### Your objective
Straight copy, no pictures: transcribe each entry as it stands.

Extracted records

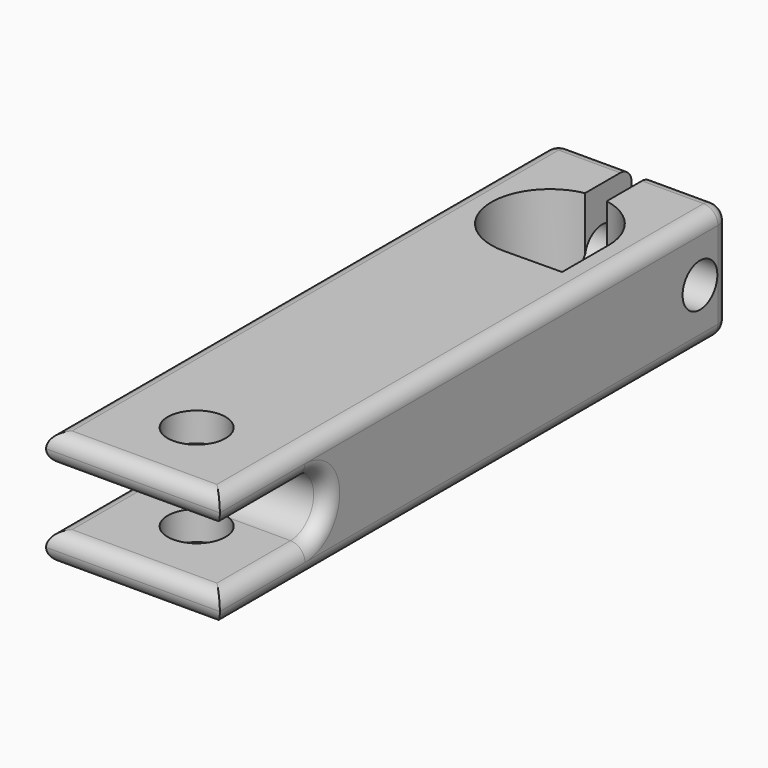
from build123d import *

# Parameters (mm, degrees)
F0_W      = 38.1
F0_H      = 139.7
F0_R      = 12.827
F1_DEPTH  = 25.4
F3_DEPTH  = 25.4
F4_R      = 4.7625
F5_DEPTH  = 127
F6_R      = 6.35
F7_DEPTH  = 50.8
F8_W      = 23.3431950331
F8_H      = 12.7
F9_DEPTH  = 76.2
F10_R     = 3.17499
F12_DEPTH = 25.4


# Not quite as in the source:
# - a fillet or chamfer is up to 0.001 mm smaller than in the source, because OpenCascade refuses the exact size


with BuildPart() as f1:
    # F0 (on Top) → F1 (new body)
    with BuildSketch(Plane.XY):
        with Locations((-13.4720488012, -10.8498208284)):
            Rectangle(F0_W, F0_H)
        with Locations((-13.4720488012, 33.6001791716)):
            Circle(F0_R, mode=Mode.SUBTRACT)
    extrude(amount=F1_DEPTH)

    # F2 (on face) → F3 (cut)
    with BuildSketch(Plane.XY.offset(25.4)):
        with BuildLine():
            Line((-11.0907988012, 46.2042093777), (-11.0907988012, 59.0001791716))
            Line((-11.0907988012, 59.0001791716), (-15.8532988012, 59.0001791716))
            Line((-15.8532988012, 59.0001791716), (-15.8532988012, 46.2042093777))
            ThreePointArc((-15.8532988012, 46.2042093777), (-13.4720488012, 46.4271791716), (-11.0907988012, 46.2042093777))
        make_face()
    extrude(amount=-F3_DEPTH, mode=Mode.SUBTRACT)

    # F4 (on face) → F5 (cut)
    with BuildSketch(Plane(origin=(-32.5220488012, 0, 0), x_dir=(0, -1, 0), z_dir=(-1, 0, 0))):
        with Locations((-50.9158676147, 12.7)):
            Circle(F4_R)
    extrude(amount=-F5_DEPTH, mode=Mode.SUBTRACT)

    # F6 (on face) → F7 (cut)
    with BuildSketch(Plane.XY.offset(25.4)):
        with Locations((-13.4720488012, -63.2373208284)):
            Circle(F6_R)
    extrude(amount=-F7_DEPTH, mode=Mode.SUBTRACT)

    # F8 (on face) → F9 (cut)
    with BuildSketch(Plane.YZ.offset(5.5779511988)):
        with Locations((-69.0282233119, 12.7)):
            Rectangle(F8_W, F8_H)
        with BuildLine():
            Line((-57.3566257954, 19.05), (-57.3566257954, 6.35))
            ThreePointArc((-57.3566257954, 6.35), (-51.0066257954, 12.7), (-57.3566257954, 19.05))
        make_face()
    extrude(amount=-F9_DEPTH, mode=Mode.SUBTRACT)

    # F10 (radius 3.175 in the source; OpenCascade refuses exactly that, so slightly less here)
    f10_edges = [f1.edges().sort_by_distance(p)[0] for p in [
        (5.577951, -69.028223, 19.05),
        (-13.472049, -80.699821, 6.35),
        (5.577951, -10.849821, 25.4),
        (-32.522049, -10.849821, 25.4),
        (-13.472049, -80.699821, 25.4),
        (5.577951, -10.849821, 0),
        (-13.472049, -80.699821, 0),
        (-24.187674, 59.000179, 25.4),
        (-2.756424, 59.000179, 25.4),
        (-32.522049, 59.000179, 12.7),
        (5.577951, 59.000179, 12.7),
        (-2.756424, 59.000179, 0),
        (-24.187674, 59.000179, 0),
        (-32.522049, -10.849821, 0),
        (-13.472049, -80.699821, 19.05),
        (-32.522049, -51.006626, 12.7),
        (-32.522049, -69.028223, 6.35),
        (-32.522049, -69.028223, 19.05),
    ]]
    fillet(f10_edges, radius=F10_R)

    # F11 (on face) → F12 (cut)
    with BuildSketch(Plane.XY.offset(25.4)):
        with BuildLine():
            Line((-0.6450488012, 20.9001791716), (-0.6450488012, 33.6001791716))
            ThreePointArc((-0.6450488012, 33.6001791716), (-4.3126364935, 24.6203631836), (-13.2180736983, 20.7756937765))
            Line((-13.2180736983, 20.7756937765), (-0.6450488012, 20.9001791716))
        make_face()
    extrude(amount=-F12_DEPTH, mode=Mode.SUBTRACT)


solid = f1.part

### Response to this exercise
from build123d import *

# Parameters (mm, degrees)
F0_W      = 38.1
F0_H      = 139.7
F0_R      = 12.827
F1_DEPTH  = 25.4
F3_DEPTH  = 25.4
F4_R      = 4.7625
F5_DEPTH  = 127
F6_R      = 6.35
F7_DEPTH  = 50.8
F8_W      = 23.3431950331
F8_H      = 12.7
F9_DEPTH  = 76.2
F10_R     = 3.17499
F12_DEPTH = 25.4


# Not quite as in the source:
# - a fillet or chamfer is up to 0.001 mm smaller than in the source, because OpenCascade refuses the exact size


with BuildPart() as f1:
    # F0 (on Top) → F1 (new body)
    with BuildSketch(Plane.XY):
        with Locations((-13.4720488012, -10.8498208284)):
            Rectangle(F0_W, F0_H)
        with Locations((-13.4720488012, 33.6001791716)):
            Circle(F0_R, mode=Mode.SUBTRACT)
    extrude(amount=F1_DEPTH)

    # F2 (on face) → F3 (cut)
    with BuildSketch(Plane.XY.offset(25.4)):
        with BuildLine():
            Line((-11.0907988012, 46.2042093777), (-11.0907988012, 59.0001791716))
            Line((-11.0907988012, 59.0001791716), (-15.8532988012, 59.0001791716))
            Line((-15.8532988012, 59.0001791716), (-15.8532988012, 46.2042093777))
            ThreePointArc((-15.8532988012, 46.2042093777), (-13.4720488012, 46.4271791716), (-11.0907988012, 46.2042093777))
        make_face()
    extrude(amount=-F3_DEPTH, mode=Mode.SUBTRACT)

    # F4 (on face) → F5 (cut)
    with BuildSketch(Plane(origin=(-32.5220488012, 0, 0), x_dir=(0, -1, 0), z_dir=(-1, 0, 0))):
        with Locations((-50.9158676147, 12.7)):
            Circle(F4_R)
    extrude(amount=-F5_DEPTH, mode=Mode.SUBTRACT)

    # F6 (on face) → F7 (cut)
    with BuildSketch(Plane.XY.offset(25.4)):
        with Locations((-13.4720488012, -63.2373208284)):
            Circle(F6_R)
    extrude(amount=-F7_DEPTH, mode=Mode.SUBTRACT)

    # F8 (on face) → F9 (cut)
    with BuildSketch(Plane.YZ.offset(5.5779511988)):
        with Locations((-69.0282233119, 12.7)):
            Rectangle(F8_W, F8_H)
        with BuildLine():
            Line((-57.3566257954, 19.05), (-57.3566257954, 6.35))
            ThreePointArc((-57.3566257954, 6.35), (-51.0066257954, 12.7), (-57.3566257954, 19.05))
        make_face()
    extrude(amount=-F9_DEPTH, mode=Mode.SUBTRACT)

    # F10 (radius 3.175 in the source; OpenCascade refuses exactly that, so slightly less here)
    f10_edges = [f1.edges().sort_by_distance(p)[0] for p in [
        (5.577951, -69.028223, 19.05),
        (-13.472049, -80.699821, 6.35),
        (5.577951, -10.849821, 25.4),
        (-32.522049, -10.849821, 25.4),
        (-13.472049, -80.699821, 25.4),
        (5.577951, -10.849821, 0),
        (-13.472049, -80.699821, 0),
        (-24.187674, 59.000179, 25.4),
        (-2.756424, 59.000179, 25.4),
        (-32.522049, 59.000179, 12.7),
        (5.577951, 59.000179, 12.7),
        (-2.756424, 59.000179, 0),
        (-24.187674, 59.000179, 0),
        (-32.522049, -10.849821, 0),
        (-13.472049, -80.699821, 19.05),
        (-32.522049, -51.006626, 12.7),
        (-32.522049, -69.028223, 6.35),
        (-32.522049, -69.028223, 19.05),
    ]]
    fillet(f10_edges, radius=F10_R)

    # F11 (on face) → F12 (cut)
    with BuildSketch(Plane.XY.offset(25.4)):
        with BuildLine():
            Line((-0.6450488012, 20.9001791716), (-0.6450488012, 33.6001791716))
            ThreePointArc((-0.6450488012, 33.6001791716), (-4.3126364935, 24.6203631836), (-13.2180736983, 20.7756937765))
            Line((-13.2180736983, 20.7756937765), (-0.6450488012, 20.9001791716))
        make_face()
    extrude(amount=-F12_DEPTH, mode=Mode.SUBTRACT)


solid = f1.part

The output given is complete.